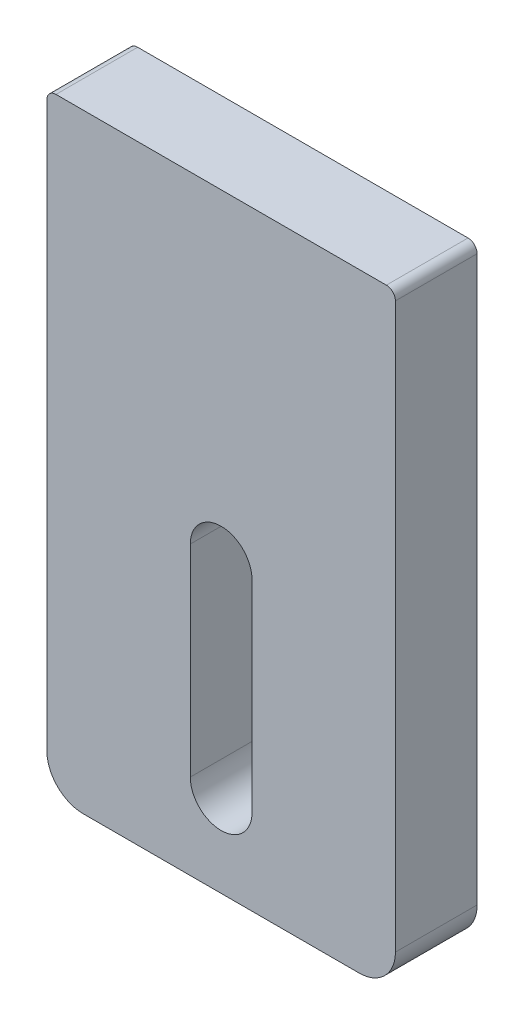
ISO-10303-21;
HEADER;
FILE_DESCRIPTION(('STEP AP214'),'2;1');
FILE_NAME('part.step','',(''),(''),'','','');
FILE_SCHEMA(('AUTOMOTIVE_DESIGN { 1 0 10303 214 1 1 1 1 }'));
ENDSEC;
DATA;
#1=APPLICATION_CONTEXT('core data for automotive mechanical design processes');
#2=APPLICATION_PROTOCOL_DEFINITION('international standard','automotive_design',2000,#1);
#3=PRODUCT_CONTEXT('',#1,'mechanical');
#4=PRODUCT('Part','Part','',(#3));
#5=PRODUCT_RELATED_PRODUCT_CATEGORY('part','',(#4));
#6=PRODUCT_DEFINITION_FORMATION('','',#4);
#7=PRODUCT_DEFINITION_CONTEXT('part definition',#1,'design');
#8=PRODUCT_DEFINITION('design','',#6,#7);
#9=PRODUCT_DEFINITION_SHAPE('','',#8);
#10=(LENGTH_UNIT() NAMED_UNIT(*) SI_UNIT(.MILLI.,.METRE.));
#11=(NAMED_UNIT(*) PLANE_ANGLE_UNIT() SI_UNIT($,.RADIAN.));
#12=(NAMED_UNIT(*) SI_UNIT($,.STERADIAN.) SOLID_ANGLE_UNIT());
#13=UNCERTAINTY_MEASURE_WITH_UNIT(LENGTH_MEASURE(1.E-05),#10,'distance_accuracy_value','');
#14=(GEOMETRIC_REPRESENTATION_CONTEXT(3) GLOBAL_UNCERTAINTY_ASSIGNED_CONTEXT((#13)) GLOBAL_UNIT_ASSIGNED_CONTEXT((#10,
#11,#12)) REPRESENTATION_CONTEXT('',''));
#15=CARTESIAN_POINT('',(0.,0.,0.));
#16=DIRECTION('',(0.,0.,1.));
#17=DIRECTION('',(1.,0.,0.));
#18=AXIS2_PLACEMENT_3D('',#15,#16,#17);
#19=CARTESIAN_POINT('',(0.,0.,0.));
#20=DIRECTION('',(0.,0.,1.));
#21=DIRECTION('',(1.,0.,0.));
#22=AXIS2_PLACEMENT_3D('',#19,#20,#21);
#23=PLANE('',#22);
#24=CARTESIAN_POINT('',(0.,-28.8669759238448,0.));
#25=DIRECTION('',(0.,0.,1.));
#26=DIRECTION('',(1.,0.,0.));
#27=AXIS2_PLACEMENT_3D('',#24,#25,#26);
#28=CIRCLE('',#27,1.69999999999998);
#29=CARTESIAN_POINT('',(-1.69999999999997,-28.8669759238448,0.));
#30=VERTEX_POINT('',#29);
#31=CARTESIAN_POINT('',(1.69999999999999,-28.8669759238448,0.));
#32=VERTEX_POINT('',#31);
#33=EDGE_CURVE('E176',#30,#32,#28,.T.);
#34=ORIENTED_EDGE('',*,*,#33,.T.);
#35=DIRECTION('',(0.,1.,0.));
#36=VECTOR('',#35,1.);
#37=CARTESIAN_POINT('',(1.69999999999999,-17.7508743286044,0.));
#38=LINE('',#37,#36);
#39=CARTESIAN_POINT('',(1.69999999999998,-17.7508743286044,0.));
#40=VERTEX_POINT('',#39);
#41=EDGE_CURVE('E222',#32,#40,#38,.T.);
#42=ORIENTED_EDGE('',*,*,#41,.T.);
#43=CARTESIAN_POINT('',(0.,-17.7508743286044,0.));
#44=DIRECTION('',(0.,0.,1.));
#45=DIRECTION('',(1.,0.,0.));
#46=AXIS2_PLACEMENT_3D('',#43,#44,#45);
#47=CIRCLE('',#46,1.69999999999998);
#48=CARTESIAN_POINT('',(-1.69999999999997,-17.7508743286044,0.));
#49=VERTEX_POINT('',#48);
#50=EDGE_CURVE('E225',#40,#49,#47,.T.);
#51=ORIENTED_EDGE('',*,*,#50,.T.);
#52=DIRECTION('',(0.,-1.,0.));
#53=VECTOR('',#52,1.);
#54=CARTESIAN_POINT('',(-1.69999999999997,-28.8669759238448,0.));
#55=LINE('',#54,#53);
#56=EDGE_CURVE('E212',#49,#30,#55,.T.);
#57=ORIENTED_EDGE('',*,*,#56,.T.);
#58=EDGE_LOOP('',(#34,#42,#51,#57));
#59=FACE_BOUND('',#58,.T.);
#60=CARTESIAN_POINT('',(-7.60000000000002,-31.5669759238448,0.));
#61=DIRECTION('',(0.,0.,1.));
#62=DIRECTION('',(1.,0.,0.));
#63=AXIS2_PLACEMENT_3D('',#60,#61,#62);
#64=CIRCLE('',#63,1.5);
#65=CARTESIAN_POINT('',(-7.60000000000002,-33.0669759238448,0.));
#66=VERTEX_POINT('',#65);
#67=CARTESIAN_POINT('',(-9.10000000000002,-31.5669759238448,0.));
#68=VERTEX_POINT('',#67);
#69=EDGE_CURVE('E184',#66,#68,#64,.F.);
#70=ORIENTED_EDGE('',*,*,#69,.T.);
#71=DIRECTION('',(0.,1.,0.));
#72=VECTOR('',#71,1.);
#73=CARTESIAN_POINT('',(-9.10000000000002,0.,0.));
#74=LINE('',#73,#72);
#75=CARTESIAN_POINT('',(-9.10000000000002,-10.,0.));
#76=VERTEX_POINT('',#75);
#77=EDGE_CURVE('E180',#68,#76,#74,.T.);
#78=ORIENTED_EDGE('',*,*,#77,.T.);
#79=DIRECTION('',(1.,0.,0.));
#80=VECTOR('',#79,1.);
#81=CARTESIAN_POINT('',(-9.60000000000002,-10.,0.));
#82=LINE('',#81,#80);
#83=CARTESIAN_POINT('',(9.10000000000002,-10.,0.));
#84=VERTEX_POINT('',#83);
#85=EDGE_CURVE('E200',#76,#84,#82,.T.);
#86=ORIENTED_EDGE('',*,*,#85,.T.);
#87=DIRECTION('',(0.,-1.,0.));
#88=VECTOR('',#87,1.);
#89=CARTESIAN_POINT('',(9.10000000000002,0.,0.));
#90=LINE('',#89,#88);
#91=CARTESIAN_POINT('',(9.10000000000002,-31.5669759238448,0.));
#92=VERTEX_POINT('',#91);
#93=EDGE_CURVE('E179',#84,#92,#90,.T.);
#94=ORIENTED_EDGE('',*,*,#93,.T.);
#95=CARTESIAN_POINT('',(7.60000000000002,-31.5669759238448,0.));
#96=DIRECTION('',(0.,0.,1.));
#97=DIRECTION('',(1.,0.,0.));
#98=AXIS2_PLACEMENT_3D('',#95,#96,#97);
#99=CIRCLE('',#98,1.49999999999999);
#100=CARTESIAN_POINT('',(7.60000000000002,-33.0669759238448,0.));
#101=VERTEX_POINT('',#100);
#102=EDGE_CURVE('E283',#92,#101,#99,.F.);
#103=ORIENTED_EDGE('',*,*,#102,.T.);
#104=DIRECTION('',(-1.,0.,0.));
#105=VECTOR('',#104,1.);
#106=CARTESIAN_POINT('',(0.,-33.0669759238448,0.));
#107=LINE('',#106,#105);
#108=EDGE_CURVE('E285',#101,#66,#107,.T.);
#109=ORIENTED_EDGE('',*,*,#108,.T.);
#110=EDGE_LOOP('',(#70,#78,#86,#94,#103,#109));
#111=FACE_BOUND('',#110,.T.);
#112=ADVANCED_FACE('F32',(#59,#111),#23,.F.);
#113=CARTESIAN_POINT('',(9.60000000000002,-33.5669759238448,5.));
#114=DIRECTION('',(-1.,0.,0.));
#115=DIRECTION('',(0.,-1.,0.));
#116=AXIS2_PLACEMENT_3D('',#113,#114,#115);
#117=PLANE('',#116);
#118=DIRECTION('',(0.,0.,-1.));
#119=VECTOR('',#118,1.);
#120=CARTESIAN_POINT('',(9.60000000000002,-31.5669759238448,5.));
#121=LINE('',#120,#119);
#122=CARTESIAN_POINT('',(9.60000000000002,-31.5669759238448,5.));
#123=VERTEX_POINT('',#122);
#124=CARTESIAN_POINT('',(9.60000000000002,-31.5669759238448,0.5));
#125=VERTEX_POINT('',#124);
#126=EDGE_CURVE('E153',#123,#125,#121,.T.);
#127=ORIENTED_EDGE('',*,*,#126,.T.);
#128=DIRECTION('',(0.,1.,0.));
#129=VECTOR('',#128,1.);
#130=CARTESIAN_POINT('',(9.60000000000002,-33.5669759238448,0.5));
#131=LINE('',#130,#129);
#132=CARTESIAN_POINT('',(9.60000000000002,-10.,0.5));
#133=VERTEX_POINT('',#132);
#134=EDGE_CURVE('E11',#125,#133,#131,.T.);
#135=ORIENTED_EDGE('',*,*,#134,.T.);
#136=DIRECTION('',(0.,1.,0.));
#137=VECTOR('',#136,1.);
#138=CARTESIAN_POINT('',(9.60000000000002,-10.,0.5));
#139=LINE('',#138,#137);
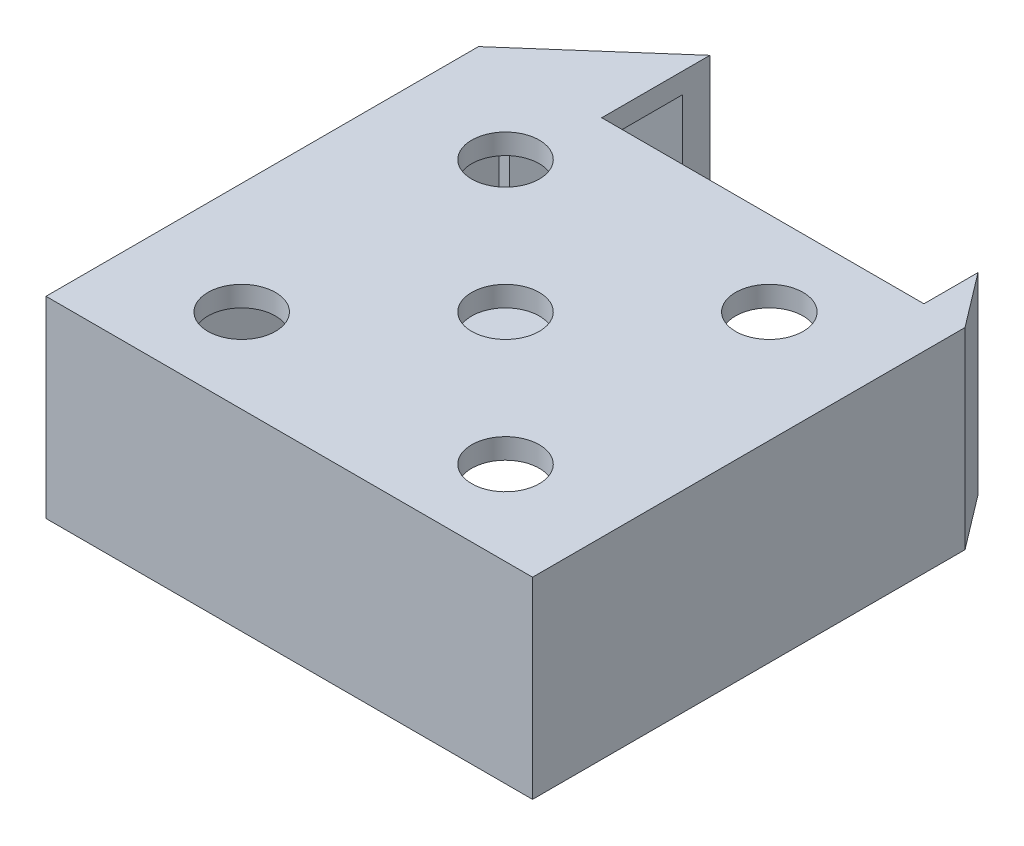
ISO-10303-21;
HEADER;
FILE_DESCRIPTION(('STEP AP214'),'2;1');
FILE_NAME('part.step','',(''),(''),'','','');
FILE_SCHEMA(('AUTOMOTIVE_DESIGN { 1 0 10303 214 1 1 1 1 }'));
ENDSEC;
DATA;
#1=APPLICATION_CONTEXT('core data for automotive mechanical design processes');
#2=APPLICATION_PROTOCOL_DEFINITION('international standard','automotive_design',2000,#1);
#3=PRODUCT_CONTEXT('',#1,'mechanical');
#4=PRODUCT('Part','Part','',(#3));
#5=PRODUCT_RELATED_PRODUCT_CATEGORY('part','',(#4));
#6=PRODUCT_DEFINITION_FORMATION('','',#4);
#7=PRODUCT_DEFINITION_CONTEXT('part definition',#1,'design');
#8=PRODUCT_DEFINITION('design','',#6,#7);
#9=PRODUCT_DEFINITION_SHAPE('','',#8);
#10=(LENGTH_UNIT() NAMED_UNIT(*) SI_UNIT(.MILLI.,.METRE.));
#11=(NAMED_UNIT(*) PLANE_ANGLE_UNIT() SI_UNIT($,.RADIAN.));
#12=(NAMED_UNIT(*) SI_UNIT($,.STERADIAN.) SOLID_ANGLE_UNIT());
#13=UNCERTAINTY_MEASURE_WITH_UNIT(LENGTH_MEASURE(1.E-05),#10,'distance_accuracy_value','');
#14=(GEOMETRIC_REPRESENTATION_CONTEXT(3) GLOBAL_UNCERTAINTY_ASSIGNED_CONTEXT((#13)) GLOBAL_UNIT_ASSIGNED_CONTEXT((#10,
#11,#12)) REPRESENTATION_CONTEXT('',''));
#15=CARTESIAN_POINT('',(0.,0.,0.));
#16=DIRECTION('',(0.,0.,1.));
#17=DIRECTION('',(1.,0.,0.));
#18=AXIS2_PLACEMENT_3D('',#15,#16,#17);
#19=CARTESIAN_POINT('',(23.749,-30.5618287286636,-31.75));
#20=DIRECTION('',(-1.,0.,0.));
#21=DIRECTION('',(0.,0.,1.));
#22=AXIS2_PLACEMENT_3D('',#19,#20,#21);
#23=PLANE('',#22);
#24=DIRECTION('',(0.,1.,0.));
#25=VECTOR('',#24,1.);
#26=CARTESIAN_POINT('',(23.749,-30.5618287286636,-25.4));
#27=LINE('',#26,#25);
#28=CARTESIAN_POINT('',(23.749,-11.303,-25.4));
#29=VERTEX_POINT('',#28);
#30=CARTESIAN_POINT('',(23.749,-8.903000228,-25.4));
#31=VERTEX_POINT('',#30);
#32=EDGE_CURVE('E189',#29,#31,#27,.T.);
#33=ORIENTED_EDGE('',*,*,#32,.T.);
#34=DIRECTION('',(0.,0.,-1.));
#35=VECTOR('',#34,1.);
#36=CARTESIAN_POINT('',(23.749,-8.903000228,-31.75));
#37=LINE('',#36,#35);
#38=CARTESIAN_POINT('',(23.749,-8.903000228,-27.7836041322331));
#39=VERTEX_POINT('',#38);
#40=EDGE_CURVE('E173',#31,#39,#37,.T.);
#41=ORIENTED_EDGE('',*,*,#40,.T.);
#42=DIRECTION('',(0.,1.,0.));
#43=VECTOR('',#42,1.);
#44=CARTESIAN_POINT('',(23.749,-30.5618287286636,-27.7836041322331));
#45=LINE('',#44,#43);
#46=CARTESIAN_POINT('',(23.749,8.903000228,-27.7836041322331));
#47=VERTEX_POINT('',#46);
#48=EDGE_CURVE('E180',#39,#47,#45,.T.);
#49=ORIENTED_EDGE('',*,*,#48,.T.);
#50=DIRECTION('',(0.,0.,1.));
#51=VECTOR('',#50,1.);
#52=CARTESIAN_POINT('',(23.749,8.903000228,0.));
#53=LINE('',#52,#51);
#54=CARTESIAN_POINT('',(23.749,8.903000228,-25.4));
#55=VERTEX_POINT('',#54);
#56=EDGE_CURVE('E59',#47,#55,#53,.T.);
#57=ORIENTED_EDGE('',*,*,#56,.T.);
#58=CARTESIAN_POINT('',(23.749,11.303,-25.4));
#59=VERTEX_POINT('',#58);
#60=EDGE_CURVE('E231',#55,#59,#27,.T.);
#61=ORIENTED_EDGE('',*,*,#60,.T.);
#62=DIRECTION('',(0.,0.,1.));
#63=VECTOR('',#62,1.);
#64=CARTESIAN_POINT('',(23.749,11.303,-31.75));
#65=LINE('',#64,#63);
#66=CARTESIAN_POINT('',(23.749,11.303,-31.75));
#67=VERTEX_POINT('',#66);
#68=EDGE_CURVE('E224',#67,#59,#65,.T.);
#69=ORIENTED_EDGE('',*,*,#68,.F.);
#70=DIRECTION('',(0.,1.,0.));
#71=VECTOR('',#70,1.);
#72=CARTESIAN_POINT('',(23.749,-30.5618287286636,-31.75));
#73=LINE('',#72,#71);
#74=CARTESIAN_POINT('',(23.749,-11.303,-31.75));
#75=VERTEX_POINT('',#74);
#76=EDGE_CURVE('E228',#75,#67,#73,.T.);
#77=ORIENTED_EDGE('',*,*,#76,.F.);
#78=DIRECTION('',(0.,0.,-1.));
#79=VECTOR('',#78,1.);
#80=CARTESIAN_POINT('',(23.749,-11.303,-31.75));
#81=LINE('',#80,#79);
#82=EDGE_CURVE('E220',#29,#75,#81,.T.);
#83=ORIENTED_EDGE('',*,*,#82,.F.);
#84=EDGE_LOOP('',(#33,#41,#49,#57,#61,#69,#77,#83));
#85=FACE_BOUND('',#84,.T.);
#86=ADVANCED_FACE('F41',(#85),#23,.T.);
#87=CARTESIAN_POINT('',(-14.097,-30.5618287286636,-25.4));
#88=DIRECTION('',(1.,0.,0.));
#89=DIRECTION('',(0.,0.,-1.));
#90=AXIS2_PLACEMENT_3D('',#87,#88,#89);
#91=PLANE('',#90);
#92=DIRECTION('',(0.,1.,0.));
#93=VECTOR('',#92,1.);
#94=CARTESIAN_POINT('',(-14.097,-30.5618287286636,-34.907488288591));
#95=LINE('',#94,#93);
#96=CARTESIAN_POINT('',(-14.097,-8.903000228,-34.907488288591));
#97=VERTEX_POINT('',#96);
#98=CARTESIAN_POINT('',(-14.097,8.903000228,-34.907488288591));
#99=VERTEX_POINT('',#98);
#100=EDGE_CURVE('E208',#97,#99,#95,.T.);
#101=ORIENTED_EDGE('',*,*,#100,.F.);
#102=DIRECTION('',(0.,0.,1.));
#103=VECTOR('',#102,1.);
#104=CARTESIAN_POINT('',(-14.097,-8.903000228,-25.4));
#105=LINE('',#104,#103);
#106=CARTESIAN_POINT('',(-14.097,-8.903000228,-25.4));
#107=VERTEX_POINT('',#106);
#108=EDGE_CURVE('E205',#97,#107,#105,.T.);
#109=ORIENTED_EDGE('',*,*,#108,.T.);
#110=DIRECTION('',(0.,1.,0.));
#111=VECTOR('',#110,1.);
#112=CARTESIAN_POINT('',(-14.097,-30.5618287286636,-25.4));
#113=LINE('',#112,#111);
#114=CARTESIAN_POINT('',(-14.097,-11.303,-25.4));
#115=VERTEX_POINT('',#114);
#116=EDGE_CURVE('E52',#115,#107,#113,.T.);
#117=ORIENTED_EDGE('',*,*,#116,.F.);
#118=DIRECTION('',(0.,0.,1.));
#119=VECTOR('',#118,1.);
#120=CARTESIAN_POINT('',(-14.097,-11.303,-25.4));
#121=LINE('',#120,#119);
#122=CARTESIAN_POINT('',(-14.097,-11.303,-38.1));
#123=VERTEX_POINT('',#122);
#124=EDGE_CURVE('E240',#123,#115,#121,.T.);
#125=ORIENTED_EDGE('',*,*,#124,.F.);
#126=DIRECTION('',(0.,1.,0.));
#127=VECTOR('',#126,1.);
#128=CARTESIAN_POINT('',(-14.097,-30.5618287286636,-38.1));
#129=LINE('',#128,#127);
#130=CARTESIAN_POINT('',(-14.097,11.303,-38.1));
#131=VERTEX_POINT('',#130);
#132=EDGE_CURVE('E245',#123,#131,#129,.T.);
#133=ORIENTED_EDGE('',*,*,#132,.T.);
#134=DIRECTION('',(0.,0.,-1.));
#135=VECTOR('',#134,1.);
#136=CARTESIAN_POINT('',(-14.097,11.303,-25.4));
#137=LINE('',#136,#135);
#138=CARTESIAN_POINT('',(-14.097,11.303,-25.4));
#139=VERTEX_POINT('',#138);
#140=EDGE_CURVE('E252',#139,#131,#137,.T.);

§ §

▶ **Problem to work on**: Copy out every line in the listing where the word "CIRCLE" appears.

▶ **Solved problem**:
#28=CIRCLE('',#27,1.69999999999998);
#47=CIRCLE('',#46,1.69999999999998);
#64=CIRCLE('',#63,1.5);
#99=CIRCLE('',#98,1.49999999999999);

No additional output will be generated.